*** DATA UNDER STUDY ***

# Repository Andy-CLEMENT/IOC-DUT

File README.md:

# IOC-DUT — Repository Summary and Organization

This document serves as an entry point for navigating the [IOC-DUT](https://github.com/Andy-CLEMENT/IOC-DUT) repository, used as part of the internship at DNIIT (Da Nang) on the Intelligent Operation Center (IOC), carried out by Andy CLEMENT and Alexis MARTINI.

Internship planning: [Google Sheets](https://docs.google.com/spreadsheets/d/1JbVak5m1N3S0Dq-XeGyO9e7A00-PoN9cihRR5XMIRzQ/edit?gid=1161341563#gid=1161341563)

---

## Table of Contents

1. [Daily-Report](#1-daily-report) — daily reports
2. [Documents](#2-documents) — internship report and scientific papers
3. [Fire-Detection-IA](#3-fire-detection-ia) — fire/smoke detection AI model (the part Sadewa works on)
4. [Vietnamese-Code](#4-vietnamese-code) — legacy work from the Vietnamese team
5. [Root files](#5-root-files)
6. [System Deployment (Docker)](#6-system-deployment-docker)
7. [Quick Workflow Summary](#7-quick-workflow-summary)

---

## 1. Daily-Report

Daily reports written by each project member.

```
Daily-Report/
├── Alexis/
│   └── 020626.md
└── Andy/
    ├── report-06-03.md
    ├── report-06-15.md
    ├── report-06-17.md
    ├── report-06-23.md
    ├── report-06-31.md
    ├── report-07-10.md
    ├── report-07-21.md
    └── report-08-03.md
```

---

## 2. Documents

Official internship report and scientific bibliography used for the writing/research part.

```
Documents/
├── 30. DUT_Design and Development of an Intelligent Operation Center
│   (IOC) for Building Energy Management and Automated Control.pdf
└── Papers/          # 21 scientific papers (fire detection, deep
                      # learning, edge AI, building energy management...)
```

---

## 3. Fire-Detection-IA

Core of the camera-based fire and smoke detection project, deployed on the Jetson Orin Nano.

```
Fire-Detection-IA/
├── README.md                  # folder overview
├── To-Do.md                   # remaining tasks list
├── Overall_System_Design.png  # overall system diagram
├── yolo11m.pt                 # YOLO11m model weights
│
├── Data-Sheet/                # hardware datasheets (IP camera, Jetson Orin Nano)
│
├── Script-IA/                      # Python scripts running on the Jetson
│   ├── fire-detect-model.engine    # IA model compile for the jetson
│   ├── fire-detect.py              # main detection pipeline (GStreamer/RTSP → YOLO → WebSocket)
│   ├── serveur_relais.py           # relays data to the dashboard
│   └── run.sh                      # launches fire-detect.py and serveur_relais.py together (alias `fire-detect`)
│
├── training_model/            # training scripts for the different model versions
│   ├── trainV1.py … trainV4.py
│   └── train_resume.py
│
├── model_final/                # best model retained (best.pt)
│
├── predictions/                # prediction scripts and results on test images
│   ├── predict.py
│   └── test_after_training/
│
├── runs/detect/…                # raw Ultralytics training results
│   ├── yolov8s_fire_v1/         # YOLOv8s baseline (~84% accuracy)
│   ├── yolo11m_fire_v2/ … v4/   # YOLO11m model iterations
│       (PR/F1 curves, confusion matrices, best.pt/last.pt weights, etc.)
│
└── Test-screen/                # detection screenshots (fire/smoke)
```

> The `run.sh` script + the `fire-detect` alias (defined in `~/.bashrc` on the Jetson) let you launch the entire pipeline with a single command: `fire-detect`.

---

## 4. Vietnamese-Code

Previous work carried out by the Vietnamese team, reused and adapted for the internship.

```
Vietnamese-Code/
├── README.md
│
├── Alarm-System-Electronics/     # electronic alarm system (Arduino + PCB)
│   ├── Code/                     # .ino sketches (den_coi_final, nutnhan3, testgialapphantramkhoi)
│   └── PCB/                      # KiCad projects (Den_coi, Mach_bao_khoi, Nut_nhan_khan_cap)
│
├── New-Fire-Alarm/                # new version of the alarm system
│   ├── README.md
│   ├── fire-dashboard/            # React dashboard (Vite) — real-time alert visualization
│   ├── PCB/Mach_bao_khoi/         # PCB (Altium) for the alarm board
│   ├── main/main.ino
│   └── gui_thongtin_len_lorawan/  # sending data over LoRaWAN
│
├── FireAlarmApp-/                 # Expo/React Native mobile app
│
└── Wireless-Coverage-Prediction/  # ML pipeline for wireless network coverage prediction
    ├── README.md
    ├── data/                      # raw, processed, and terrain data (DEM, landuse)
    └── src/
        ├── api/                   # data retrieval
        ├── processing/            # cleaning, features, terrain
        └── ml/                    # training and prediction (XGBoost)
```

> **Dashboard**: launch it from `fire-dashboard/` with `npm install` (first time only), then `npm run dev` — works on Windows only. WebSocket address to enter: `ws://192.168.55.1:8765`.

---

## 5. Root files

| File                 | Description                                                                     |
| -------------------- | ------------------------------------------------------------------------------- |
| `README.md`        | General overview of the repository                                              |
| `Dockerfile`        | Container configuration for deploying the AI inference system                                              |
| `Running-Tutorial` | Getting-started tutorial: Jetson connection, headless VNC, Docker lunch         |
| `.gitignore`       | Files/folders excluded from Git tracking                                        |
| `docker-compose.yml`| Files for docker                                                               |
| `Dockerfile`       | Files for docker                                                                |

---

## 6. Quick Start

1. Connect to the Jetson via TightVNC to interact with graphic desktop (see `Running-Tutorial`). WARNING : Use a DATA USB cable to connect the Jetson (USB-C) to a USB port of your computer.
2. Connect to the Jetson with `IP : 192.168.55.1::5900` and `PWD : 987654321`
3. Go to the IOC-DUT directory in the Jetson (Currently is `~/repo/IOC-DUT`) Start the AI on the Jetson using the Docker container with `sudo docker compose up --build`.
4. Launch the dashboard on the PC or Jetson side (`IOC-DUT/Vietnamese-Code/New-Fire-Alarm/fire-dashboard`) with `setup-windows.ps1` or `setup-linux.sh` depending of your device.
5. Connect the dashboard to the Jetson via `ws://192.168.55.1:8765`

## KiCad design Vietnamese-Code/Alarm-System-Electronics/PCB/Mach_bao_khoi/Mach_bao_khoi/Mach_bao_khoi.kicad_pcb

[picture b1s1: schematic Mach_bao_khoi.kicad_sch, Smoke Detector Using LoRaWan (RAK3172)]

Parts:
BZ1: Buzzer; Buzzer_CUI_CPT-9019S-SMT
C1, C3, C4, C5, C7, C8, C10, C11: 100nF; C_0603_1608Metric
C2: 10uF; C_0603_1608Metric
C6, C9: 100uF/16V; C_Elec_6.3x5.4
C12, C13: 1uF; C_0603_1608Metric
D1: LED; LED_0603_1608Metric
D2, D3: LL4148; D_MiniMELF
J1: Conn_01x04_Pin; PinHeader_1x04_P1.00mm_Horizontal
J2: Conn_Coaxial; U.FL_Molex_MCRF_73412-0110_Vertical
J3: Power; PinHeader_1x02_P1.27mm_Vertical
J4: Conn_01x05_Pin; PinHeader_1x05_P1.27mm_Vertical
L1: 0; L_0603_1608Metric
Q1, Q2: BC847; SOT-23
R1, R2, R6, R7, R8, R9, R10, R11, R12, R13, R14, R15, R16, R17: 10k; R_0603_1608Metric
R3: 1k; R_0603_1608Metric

***

• **AIM OF THE TASK**
Above are some records. Copy each of their lines that holds the string "reports".

• **EXERCISE SOLUTION**
1. [Daily-Report](#1-daily-report) — daily reports
Daily reports written by each project member.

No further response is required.